Dataset excerpts
____

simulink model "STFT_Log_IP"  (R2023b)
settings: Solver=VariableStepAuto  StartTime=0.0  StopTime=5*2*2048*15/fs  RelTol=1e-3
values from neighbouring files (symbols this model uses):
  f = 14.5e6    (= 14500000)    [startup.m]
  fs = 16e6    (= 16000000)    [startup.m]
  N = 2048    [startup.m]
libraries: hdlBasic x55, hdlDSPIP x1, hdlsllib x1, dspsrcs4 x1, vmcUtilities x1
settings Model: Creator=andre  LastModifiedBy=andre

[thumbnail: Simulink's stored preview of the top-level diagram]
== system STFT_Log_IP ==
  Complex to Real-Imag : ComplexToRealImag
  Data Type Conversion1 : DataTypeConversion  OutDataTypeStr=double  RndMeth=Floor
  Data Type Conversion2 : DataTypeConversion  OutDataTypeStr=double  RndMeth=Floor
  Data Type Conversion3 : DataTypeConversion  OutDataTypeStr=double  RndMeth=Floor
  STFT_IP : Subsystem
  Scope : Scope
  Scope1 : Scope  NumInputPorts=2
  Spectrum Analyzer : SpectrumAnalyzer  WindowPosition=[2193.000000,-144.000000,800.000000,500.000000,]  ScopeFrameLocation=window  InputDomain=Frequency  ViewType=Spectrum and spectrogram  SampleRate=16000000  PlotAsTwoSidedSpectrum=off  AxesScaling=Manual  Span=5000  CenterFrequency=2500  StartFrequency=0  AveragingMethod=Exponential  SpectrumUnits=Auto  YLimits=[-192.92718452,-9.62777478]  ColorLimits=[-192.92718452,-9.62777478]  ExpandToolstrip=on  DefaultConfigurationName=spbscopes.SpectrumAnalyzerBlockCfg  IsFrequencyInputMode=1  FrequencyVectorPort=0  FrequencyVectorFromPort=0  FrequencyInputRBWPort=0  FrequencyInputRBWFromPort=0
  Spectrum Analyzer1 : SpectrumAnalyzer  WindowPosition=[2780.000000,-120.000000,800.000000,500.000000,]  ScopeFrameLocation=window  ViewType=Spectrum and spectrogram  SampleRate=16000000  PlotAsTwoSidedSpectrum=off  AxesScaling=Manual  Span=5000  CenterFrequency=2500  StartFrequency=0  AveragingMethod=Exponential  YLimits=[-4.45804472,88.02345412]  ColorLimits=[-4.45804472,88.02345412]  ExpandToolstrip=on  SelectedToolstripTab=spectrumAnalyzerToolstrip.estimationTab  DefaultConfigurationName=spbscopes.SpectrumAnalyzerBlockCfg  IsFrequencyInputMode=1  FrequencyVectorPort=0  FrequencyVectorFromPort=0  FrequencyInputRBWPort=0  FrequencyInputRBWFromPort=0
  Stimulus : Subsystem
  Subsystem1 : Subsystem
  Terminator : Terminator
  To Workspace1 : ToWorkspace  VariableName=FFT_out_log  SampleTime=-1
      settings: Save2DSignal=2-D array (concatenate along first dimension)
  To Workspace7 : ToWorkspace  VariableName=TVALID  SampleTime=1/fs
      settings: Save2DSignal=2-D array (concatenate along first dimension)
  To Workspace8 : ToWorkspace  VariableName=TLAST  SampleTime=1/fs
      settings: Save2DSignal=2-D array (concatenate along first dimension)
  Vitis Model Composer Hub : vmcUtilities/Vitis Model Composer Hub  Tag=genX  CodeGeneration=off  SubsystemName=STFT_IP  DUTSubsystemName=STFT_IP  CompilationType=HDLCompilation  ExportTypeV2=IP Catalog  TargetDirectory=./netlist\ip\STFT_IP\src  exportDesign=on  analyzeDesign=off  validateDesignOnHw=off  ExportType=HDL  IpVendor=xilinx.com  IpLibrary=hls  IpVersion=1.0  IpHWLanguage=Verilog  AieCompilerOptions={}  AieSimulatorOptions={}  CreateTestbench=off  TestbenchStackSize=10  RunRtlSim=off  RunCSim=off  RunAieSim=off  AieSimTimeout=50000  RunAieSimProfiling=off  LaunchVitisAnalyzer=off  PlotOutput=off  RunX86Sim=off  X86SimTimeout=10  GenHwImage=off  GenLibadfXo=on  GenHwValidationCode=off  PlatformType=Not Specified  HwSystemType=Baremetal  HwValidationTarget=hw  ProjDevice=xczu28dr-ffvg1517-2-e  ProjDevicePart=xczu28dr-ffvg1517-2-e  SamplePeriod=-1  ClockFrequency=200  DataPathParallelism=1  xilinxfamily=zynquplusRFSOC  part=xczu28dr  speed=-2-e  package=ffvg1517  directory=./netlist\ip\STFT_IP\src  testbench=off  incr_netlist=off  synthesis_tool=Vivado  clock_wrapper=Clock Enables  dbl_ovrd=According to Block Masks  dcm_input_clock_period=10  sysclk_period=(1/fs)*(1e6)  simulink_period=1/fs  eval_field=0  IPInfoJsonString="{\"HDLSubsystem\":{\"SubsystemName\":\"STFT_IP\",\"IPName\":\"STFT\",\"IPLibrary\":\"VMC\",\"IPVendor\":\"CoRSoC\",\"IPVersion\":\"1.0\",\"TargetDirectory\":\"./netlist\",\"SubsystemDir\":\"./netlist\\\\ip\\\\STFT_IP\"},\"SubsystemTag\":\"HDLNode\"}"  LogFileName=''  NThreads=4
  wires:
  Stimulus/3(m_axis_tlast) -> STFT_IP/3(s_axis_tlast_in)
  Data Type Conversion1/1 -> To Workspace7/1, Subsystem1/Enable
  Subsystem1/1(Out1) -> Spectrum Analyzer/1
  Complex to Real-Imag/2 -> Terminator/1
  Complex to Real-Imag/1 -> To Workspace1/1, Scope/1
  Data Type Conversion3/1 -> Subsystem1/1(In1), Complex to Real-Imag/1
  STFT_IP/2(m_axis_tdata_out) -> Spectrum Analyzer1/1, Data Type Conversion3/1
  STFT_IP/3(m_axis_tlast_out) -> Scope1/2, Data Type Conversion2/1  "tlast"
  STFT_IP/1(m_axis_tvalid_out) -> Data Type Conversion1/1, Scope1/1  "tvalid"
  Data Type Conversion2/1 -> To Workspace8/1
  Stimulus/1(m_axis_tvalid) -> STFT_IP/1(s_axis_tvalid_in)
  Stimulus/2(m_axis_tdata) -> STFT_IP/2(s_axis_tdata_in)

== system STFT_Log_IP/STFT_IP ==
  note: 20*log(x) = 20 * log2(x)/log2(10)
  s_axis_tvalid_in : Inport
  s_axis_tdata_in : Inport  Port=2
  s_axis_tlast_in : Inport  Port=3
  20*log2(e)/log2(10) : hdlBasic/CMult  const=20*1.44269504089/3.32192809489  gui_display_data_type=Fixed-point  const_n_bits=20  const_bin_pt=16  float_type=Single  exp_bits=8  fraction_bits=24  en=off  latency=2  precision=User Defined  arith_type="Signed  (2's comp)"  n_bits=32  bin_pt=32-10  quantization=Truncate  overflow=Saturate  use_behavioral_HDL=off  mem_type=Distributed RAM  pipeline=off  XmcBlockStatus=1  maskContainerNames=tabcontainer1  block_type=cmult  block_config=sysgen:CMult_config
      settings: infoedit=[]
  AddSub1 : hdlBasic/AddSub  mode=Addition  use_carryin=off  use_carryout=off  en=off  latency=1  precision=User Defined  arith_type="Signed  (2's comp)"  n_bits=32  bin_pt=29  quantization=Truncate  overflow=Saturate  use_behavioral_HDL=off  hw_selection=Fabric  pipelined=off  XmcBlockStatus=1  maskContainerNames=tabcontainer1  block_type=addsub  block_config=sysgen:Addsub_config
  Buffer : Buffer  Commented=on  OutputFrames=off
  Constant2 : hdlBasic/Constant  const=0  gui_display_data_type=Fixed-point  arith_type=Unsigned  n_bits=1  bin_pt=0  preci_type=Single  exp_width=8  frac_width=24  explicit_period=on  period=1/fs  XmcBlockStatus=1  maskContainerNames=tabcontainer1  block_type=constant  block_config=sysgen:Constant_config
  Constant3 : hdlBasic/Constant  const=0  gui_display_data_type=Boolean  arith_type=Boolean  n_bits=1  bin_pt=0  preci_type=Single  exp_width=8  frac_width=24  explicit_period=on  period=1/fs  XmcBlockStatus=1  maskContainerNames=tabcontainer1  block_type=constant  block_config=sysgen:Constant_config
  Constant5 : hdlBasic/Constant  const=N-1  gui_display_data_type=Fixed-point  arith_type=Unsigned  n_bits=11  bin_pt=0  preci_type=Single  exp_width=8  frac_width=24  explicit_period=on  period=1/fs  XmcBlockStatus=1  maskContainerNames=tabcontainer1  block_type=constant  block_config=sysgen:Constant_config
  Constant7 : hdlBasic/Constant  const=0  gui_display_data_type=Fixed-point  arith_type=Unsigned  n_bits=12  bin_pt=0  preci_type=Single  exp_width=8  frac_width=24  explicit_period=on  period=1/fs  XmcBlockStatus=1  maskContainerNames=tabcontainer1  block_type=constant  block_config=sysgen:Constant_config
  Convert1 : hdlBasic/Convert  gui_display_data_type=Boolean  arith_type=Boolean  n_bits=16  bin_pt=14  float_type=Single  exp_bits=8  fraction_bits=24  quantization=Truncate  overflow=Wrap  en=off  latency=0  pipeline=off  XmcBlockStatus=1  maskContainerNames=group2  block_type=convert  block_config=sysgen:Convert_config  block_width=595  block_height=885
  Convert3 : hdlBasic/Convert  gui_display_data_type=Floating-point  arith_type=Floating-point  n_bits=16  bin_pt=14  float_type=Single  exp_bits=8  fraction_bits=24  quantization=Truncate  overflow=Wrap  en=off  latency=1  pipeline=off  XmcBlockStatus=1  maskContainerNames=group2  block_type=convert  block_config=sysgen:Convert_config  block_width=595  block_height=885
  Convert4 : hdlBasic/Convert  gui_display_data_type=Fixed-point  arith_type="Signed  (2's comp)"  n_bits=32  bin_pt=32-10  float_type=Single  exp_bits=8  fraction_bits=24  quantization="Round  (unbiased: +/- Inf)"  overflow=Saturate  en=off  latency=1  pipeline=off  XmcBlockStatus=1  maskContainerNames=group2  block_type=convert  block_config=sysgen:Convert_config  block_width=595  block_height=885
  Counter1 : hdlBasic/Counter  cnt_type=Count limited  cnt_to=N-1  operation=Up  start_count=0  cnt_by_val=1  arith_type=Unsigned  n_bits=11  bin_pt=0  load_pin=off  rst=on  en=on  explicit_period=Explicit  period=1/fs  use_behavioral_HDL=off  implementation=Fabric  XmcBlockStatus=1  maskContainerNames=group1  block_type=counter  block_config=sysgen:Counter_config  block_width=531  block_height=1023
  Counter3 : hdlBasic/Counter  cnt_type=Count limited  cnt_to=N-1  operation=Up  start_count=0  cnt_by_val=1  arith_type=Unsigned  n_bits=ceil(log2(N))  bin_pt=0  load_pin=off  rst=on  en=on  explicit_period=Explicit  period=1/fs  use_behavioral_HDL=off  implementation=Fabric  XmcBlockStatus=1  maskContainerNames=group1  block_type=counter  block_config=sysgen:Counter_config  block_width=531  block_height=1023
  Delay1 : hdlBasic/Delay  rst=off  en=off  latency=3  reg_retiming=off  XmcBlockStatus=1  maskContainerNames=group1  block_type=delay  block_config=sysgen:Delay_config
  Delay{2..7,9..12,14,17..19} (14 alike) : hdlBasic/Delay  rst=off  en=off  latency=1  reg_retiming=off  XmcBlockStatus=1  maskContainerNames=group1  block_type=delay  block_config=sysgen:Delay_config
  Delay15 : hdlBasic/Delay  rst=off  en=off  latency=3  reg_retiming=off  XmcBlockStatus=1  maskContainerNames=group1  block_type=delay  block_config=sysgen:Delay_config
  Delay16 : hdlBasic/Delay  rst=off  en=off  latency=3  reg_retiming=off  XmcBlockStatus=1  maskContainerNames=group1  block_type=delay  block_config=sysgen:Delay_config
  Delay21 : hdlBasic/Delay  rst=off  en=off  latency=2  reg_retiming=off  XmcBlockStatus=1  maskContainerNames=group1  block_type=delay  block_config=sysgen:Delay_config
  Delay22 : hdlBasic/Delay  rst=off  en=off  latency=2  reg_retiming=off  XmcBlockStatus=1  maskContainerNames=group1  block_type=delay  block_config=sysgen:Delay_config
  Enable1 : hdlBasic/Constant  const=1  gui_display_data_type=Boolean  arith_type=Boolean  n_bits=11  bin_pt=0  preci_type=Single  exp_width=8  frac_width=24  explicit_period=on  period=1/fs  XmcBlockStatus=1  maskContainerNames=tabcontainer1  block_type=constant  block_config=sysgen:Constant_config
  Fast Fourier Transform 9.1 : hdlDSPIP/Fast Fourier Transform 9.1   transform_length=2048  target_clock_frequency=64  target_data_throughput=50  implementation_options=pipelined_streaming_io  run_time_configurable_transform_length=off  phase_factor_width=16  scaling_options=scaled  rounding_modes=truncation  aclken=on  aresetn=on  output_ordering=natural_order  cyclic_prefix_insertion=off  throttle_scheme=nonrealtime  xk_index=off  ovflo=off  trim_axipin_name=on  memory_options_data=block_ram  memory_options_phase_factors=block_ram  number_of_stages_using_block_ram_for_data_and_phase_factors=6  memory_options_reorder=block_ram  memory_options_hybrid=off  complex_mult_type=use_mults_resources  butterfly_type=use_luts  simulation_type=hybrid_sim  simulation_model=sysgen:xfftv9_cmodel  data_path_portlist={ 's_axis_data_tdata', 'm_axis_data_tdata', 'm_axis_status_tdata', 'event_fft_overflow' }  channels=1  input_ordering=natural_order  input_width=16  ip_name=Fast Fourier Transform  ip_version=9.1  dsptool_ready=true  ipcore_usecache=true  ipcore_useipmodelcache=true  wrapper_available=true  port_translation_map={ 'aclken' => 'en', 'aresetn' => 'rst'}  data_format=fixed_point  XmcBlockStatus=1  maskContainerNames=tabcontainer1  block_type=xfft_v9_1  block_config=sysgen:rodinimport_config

____

→ **REQUIRED ACTION**:
Only one stretch of the data above is needed. Restate it word for word, from the line containing "Data Type Conversion3 : DataTypeConversion" through the line containing "To Workspace1 : ToWorkspace", both ends included.

→ **YOUR RESPONSE**:
  Data Type Conversion3 : DataTypeConversion  OutDataTypeStr=double  RndMeth=Floor
  STFT_IP : Subsystem
  Scope : Scope
  Scope1 : Scope  NumInputPorts=2
  Spectrum Analyzer : SpectrumAnalyzer  WindowPosition=[2193.000000,-144.000000,800.000000,500.000000,]  ScopeFrameLocation=window  InputDomain=Frequency  ViewType=Spectrum and spectrogram  SampleRate=16000000  PlotAsTwoSidedSpectrum=off  AxesScaling=Manual  Span=5000  CenterFrequency=2500  StartFrequency=0  AveragingMethod=Exponential  SpectrumUnits=Auto  YLimits=[-192.92718452,-9.62777478]  ColorLimits=[-192.92718452,-9.62777478]  ExpandToolstrip=on  DefaultConfigurationName=spbscopes.SpectrumAnalyzerBlockCfg  IsFrequencyInputMode=1  FrequencyVectorPort=0  FrequencyVectorFromPort=0  FrequencyInputRBWPort=0  FrequencyInputRBWFromPort=0
  Spectrum Analyzer1 : SpectrumAnalyzer  WindowPosition=[2780.000000,-120.000000,800.000000,500.000000,]  ScopeFrameLocation=window  ViewType=Spectrum and spectrogram  SampleRate=16000000  PlotAsTwoSidedSpectrum=off  AxesScaling=Manual  Span=5000  CenterFrequency=2500  StartFrequency=0  AveragingMethod=Exponential  YLimits=[-4.45804472,88.02345412]  ColorLimits=[-4.45804472,88.02345412]  ExpandToolstrip=on  SelectedToolstripTab=spectrumAnalyzerToolstrip.estimationTab  DefaultConfigurationName=spbscopes.SpectrumAnalyzerBlockCfg  IsFrequencyInputMode=1  FrequencyVectorPort=0  FrequencyVectorFromPort=0  FrequencyInputRBWPort=0  FrequencyInputRBWFromPort=0
  Stimulus : Subsystem
  Subsystem1 : Subsystem
  Terminator : Terminator
  To Workspace1 : ToWorkspace  VariableName=FFT_out_log  SampleTime=-1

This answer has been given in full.